Exercise details -> Below are the records; copy exactly the stretch from the line containing "Current Engine Speed : Inport" through the line containing "Current Engine Speed/1", both ends included, and nothing else.

Exercise input ->
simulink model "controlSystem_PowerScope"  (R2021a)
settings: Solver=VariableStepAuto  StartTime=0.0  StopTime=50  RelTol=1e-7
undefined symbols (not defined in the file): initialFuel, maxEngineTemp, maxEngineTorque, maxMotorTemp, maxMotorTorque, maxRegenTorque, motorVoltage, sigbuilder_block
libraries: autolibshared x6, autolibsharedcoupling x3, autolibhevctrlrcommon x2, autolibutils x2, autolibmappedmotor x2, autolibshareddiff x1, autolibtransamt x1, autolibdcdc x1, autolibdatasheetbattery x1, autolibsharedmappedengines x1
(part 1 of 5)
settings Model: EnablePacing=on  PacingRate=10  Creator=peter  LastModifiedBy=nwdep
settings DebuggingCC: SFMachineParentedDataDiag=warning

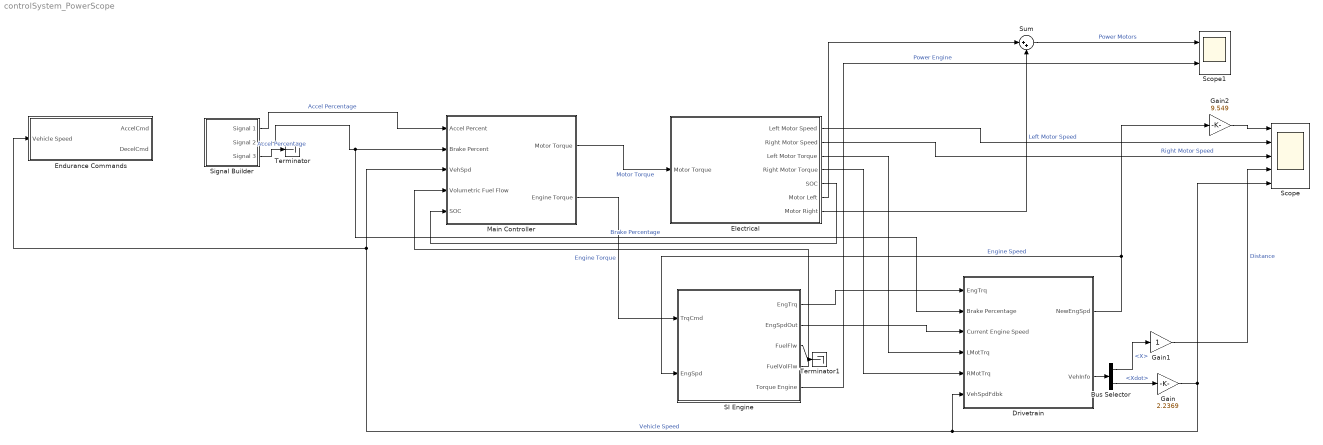
== system controlSystem_PowerScope ==
  Bus Selector : BusSelector  OutputSignals=InertFrm.Cg.Disp.X,InertFrm.Cg.Vel.Xdot
  Drivetrain : Subsystem
  Electrical : Subsystem
  Endurance Commands : Subsystem
  Gain : Gain  Gain=2.2369
  Gain1 : Gain
  Gain2 : Gain  Gain=9.549
  Main Controller : Subsystem
  SI Engine : Subsystem
  Scope : Scope  NumInputPorts=5
  Scope1 : Scope  NumInputPorts=2
  Signal Builder : Subsystem  Tag=STV Subsys  LoadFcn=sigbuilder_block('load');  StartFcn=sigbuilder_block('start');  StopFcn=sigbuilder_block('stop');  ClipboardFcn=sigbuilder_block('clipboard');  mask(Sigbuilder block){tuvar=[0:10]}
      mask help: Simulink:masks:SigbuilderBlock_MD
      mask init:
      | if ~strcmp(get_param(bdroot(gcbh),'SimulationStatus'),'stopped') tuvar = sigbuilder_block('maskInit'); end
      settings: CopyFcn=sigbuilder_block('copy');  DeleteFcn=sigbuilder_block('delete');  ModelCloseFcn=sigbuilder_block('modelClose');  PreSaveFcn=sigbuilder_block('preSave');  PauseFcn=sigbuilder_block('pause');  ContinueFcn=sigbuilder_block('continue');  NameChangeFcn=sigbuilder_block('namechange');  OpenFcn=sigbuilder_block('open',[334.2 75 550.8 400.2 ]);  CloseFcn=sigbuilder_block('close');
      mask Display: plot(0, 0, 100, 100,[2, 2, 32, 32, 2], [68, 8, 8, 68, 68],[32, 2], [38, 38], [32, 19, 2],[53, 60, 44], [32, 17, 17, 2],[16, 16, 31, 31]);txt = getActiveGroup(gcbh);text(2, 100, txt,'verticalAlignment', 'top');
  Sum : Sum  Inputs=|++
  Terminator : Terminator
  Terminator1 : Terminator
  wires:
  Electrical/5(SOC) -> Main Controller/5(SOC)
  Main Controller/1(Motor Torque) -> Electrical/1(Motor Torque)  "Motor Torque"
  Main Controller/2(Engine Torque) -> SI Engine/1(TrqCmd)  "Engine Torque"
  Drivetrain/1(NewEngSpd) -> Gain2/1, SI Engine/2(EngSpd)  "Engine Speed"
  SI Engine/3(FuelFlw) -> Terminator1/1
  SI Engine/4(FuelVolFlw) -> Main Controller/4(Volumetric Fuel Flow)
  SI Engine/2(EngSpdOut) -> Drivetrain/3(Current Engine Speed)
  SI Engine/1(EngTrq) -> Drivetrain/1(EngTrq)
  Electrical/3(Left Motor Torque) -> Drivetrain/4(LMotTrq)
  Electrical/4(Right Motor Torque) -> Drivetrain/5(RMotTrq)
  Electrical/1(Left Motor Speed) -> Scope/2  "Left Motor Speed"
  Electrical/2(Right Motor Speed) -> Scope/3  "Right Motor Speed"
  Drivetrain/2(VehInfo) -> Bus Selector/1
  Bus Selector/1 -> Gain1/1  "<X>"
  Bus Selector/2 -> Gain/1  "<Xdot>"
  Gain/1 -> Scope/5, Endurance Commands/1(Vehicle Speed), Main Controller/3(VehSpd), Drivetrain/6(VehSpdFdbk)  "Vehicle Speed"
  Gain1/1 -> Scope/4  "Distance"
  Gain2/1 -> Scope/1
  Signal Builder/3(Signal 3) -> Terminator/1  "Accel Percentage"
  Signal Builder/2(Signal 2) -> Drivetrain/2(Brake Percentage), Main Controller/2(Brake Percent)  "Brake Percentage"
  Signal Builder/1(Signal 1) -> Main Controller/1(Accel Percent)  "Accel Percentage"
  SI Engine/5(Torque Engine) -> Scope1/2  "Power Engine"
  Electrical/6(Motor Left) -> Sum/1
  Electrical/7(Motor Right) -> Sum/2
  Sum/1 -> Scope1/1  "Power Motors"

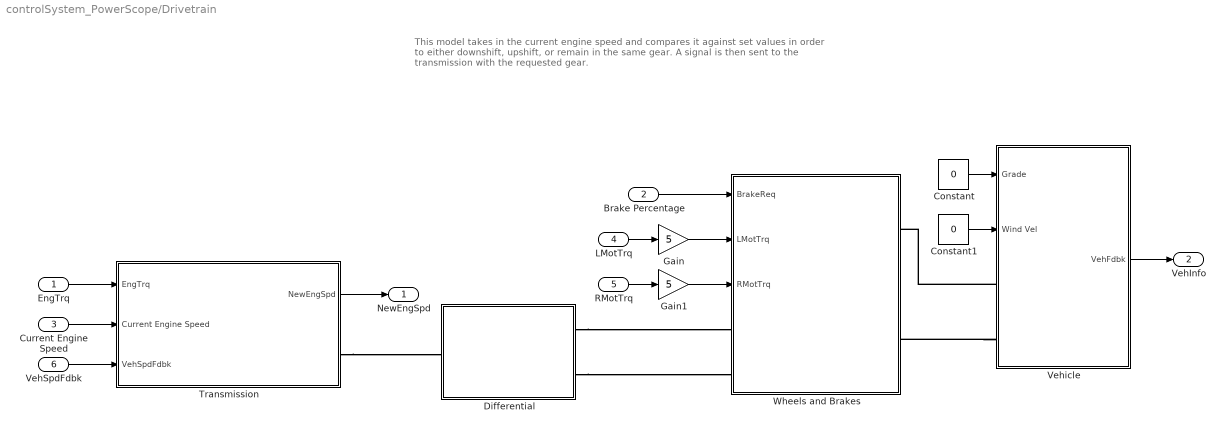
== system controlSystem_PowerScope/Drivetrain ==
  note: This model takes in the current engine speed and compares it against set values in order to either downshift, upshift, or remain in the same gear. A signal is then sent to the transmission with the requested gear.
  EngTrq : Inport
  Brake Percentage : Inport  Port=2
  Current Engine Speed : Inport  Port=3
  LMotTrq : Inport  Port=4
  RMotTrq : Inport  Port=5
  VehSpdFdbk : Inport  Port=6
  Constant : Constant  Value=0
  Constant1 : Constant  Value=0
  Differential : Subsystem
  Gain : Gain  Gain=5
  Gain1 : Gain  Gain=5
  Transmission : Subsystem
  Vehicle : Subsystem
  Wheels and Brakes : Subsystem  VariantControl=0
  NewEngSpd : Outport
  VehInfo : Outport  Port=2
  wires:
  Constant/1 -> Vehicle/1(Grade)
  Constant1/1 -> Vehicle/2(Wind Vel)
  Brake Percentage/1 -> Wheels and Brakes/1(BrakeReq)
  EngTrq/1 -> Transmission/1(EngTrq)
  Current Engine Speed/1 -> Transmission/2(Current Engine Speed)
  VehSpdFdbk/1 -> Transmission/3(VehSpdFdbk)
  Transmission/1(NewEngSpd) -> NewEngSpd/1
  Vehicle/1(VehFdbk) -> VehInfo/1
  LMotTrq/1 -> Gain/1
  RMotTrq/1 -> Gain1/1
  Gain/1 -> Wheels and Brakes/2(LMotTrq)
  Gain1/1 -> Wheels and Brakes/3(RMotTrq)
  connections:
  Vehicle/LConn2 -- Wheels and Brakes/RConn2
  Transmission/RConn1 -- Differential/LConn1
  Differential/RConn1 -- Wheels and Brakes/LConn1
  Differential/RConn2 -- Wheels and Brakes/LConn2
  Vehicle/LConn1 -- Wheels and Brakes/RConn1

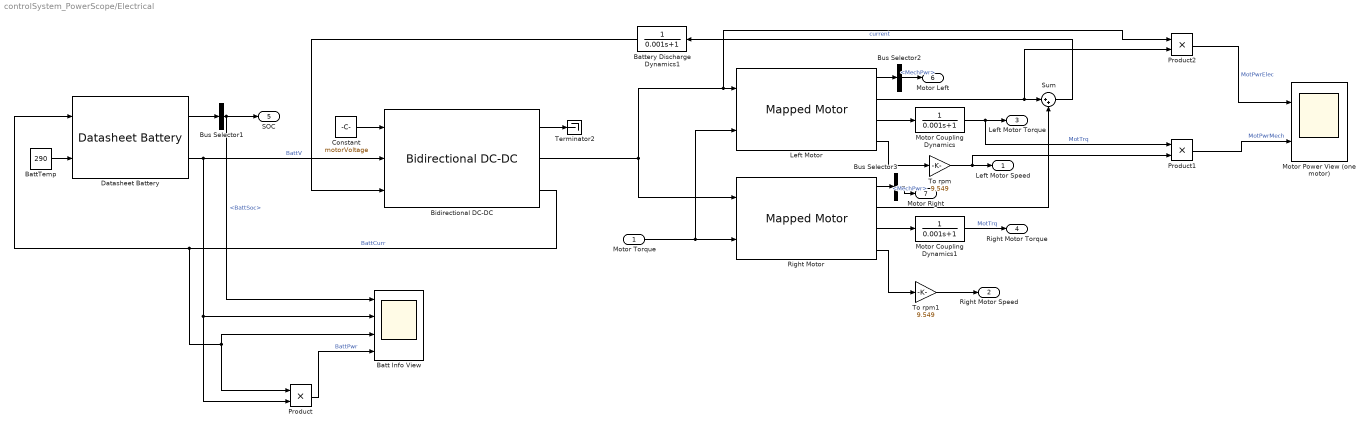
== system controlSystem_PowerScope/Electrical ==
  Motor Torque : Inport
  " Right Motor" : autolibmappedmotor/Mapped Motor  port_config=Torque  param_by=Tabulated torque-speed envelope  w_t=motorSpeeds  T_t=motorTorques  torque_max=80  power_max=30000  Tc=0.02  param_loss=Tabulated efficiency data  eff=88  w_eff=419  T_eff=26  Piron=0  Pbase=0  w_eff_bp=motorSpeeds  T_eff_bp=[0 8 16 24 32 40 48 56 64 72 80]  Temp_eff_bp=[233.15 293.15 373.15]  losses_table=[1.49 1.67 2.21 3.10; 0.42 0.69 1.14 2.03; 0.06 0.24 0.78 1.68; 0.42 0.69 1.14 2.03; 1.49 1.67 2.21 3.10]  losses_table_3d=cat(3,1.05*[1.49 1.67 2.21 3.10; 0.42 0.69 1.14 2.03; 0.06 0.24 0.78 1.68; 0.42 0.69 1.14 2.03; 1.49 1.67 2.21 3.10],[1.49 1.67 2.21 3.10; 0.42 0.69 1.14 2.03; 0.06 0.24 0.78 1.68; 0.42 0.69 1.14 2.03; 1.49 1.67 2.21 3.10],1.03*[1.49 1.67 2.21 3.10; 0.42 0.69 1.14 2.03; 0.06 0.24 0.78 1.68; 0.42 0.69 1.14 2.03; 1.49 1.67 2.21 3.10])  efficiency_table=|  efficiency_table_3d=cat(3,90*ones(5,4),95*ones(5,4),92*ones(5,4))  J=.042  b=.042  omega_o=0  T_t_extended=[40.93 44.07 47.75 52.09 57.3 63.66 71.62 80 80 80 80 80 80 80 80 80 80 80 80 80 80 80 71.62 63.66 57.3 52.09 47.75 44.07 40.93]  w_t_extended=[-733.038285837618 -680.678408277789 -628.318530717959 -575.958653158129 -523.598775598299 -471.238898038469 -418.879020478639 -374.999123017327 -314.159265358979 -261.799387799149 -209.43951023932 -157.07963267949 -104.71975511966 -52.3598775598299 0 52.3598775598299 104.71975511966 157.07963267949 209.43951023932 261.799387799149 314.159265358979 374.999123017327 418.879020478639 471.238898038469 523.598775598299 575.958653158129 628.318530717959 680.678408277789 733.038285837618]  KLossIron=0  KLossCopper=2.1976  x_w_eff_vec=[-733.038285837618 -680.678408277789 -628.318530717959 -575.958653158129 -523.598775598299 -471.238898038469 -418.879020478639 -374.999123017327 -314.159265358979 -261.799387799149 -209.43951023932 -157.07963267949 -104.71975511966 -52.3598775598299 0 52.3598775598299 104.71975511966 157.07963267949 209.43951023932 261.799387799149 314.159265358979 374.999123017327 418.879020478639 471.238898038469 523.598775598299 575.958653158129 628.318530717959 680.678408277789 733.038285837618]  x_T_eff_vec=[-80 -72 -64 -56 -48 -40 -32 -24 -16 -8 0 8 16 24 32 40 48 56 64 72 80]  x_tmp_eff_vec=[233.15 293.15 373.15]  x_losses_mat=[4413.99397923727 3972.59458131354 3531.19518338981 3089.79578546609 2648.39638754236 2206.99698961863 1765.59759169491 1324.19819377118 1159.97267209469 954.654511788527 0 821.002880138133 1055.57513160617 1231.5043202072 1642.00576027626 2052.50720034533 2463.0086404144 2873.51008048346 3284.01152055253 3694.51296062159 4105.01440069066;4098.70869500603 3688.83782550543 3278.96695600483 2869.09608650422 2459.22521700362 2049.35434750302 1639.48347800241 1229.61260850181 1077.11748123078 886.464903803632 0 762.359817271123 980.176907920015 1143.53972590668 1524.71963454225 1905.89954317781 2287.07945181337 2668.25936044893 3049.43926908449 3430.61917772005 3811.79908635561;3783.4234107748 3405.08106969732 3026.73872861984 2648.39638754236 2270.05404646488 1891.7117053874 1513.36936430992 1135.02702323244 874.182303607594 818.275295818737 0 703.716754404114 804.247719318987 1055.57513160617 1407.43350880823 1759.29188601028 2111.15026321234 2463.0086404144 2814.86701761645 3166.72539481851 3518.58377202057;3468.13812654357 3121.32431388921 2774.51050123485 2427.6966885805 2080.88287592614 1734.06906327178 1387.25525061743 1040.44143796307 801.333778306961 750.085687833842 0 645.073691537104 737.227076042404 967.610537305655 1290.14738307421 1612.68422884276 1935.22107461131 2257.75792037986 2580.29476614841 2902.83161191697 3225.36845768552;3152.85284231233 2837.5675580811 2522.28227384987 2206.99698961863 1891.7117053874 1576.42642115617 1261.14113692493 945.8558526937 828.551908639065 681.896079848948 0 586.430628670095 753.98223686155 879.645943005141 1172.86125734019 1466.07657167524 1759.29188601028 2052.50720034533 2345.72251468038 2638.93782901542 2932.15314335047;2837.5675580811 2553.81080227299 2270.05404646488 1986.29729065677 1702.54053484866 1418.78377904055 1135.02702323244 851.27026742433 745.696717775159 613.706471864053 0 527.787565803085 678.584013175395 791.681348704627 1055.57513160617 1319.46891450771 1583.36269740925 1847.2564803108 2111.15026321234 2375.04404611388 2638.93782901542;2522.28227384987 2270.05404646488 2017.82581907989 1765.59759169491 1513.36936430992 1261.14113692493 1165.57640481013 874.182303607594 744.673814184248 638.291840729355 0 536.165146212658 670.206432765822 804.247719318987 1072.33029242532 1172.86125734019 1407.43350880823 1642.00576027626 1876.5780117443 2111.15026321234 2345.72251468038;2258.05923537315 2032.25331183583 1806.44738829852 1580.6414647612 1354.83554122389 1304.34477571244 1186.81041130758 890.107808480687 818.179904765078 658.53504529872 0 539.998737144951 719.998316193268 809.998105717426 1079.9974742899 1199.99719365545 1259.99705333822 1469.99656222792 1679.99607111762 1889.99558000733 2099.99508889703;2485.6557259172 2237.09015332548 1748.36460721519 1529.81903131329 1311.27345541139 1242.8278629586 994.262290366878 837.758040957278 685.438397146865 551.694319654793 0 452.38934211693 603.18578948924 753.98223686155 904.77868423386 1130.97335529233 1206.37157897848 1407.43350880823 1608.49543863797 2035.75203952619 2261.94671058465;2855.99332144527 2570.39398930074 2284.79465715621 1628.97396852804 1396.26340159546 1163.55283466289 930.842267730309 856.797996433581 681.896079848948 523.598775598299 0 418.879020478639 586.430628670095 753.98223686155 837.758040957278 1047.1975511966 1256.63706143592 1466.07657167524 2010.61929829747 2261.94671058465 2513.27412287183;2727.58431939579 2454.82588745621 2182.06745551663 1599.35626000935 1370.87679429373 1142.39732857811 913.917862862486 685.438397146864 545.516863879158 418.879020478639 0 335.103216382911 469.144502936076 603.18578948924 804.247719318987 1005.30964914873 1206.37157897848 1407.43350880823 1876.5780117443 2111.15026321234 2345.72251468038;2393.59440273508 2154.23496246157 1636.55059163747 1431.98176768279 1028.1575957203 856.797996433581 685.438397146865 613.706471864053 409.137647909369 314.159265358979 0 251.327412287183 351.858377202057 527.787565803085 603.18578948924 753.98223686155 ...(+5556 chars)]  x_losses_mat_3d=cat(3,[3.255 2.3205 1.7535 1.5645 1.7535 2.3205 3.255;2.1315 1.197 0.7245 0.441 0.7245 1.197 2.1315;1.764 0.819 0.252 0.063 0.252 0.819 1.764;2.1315 1.197 0.7245 0.441 0.7245 1.197 2.1315;3.255 2.3205 1.7535 1.5645 1.7535 2.3205 3.255],[3.1 2.21 1.67 1.49 1.67 2.21 3.1;2.03 1.14 0.69 0.42 0.69 1.14 2.03;1.68 0.78 0.24 0.06 0.24 0.78 1.68;2.03 1.14 0.69 0.42 0.69 1.14 2.03;3.1 2.21 1.67 1.49 1.67 2.21 3.1],[3.193 2.2763 1.7201 1.5347 1.7201 2.2763 3.193;2.0909 1.1742 0.7107 0.4326 0.7107 1.1742 2.0909;1.7304 0.8034 0.2472 0.0618 0.2472 0.8034 1.7304;2.0909 1.1742 0.7107 0.4326 0.7107 1.1742 2.0909;3.193 2.2763 1.7201 1.5347 1.7201 2.2763 3.193])  CalLossMapData={}  CalLossWithTempMapData={}  aMode=2  RefBlkName='autolibmappedmotor/Mapped Motor'
      | [52 78 80 82 82 80 78 78 76 74 70; 52 78 80 82 82 80 78 78 76 74 70; 52 78 84 86 86 86 86 84 84 82 82; 52 80 86 86 88 88 88 86 86 84 84; 52 80 86 88 88 88 88 88 86 86 86;
      | 52 80 86 88 90 90 90 90 88 88 88; 52 82 88 90 91 91 92 92 92 91 91;
      | 52 82 88 91 91 92 93 93 93 93 93;
      | 52 84 90 92 92 93 93 93 93 93 93; 62 86 91 93 93 93 93 93 93 93 93;
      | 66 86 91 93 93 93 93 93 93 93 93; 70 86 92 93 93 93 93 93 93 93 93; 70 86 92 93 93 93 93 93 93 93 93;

Response below ->
  Current Engine Speed : Inport  Port=3
  LMotTrq : Inport  Port=4
  RMotTrq : Inport  Port=5
  VehSpdFdbk : Inport  Port=6
  Constant : Constant  Value=0
  Constant1 : Constant  Value=0
  Differential : Subsystem
  Gain : Gain  Gain=5
  Gain1 : Gain  Gain=5
  Transmission : Subsystem
  Vehicle : Subsystem
  Wheels and Brakes : Subsystem  VariantControl=0
  NewEngSpd : Outport
  VehInfo : Outport  Port=2
  wires:
  Constant/1 -> Vehicle/1(Grade)
  Constant1/1 -> Vehicle/2(Wind Vel)
  Brake Percentage/1 -> Wheels and Brakes/1(BrakeReq)
  EngTrq/1 -> Transmission/1(EngTrq)
  Current Engine Speed/1 -> Transmission/2(Current Engine Speed)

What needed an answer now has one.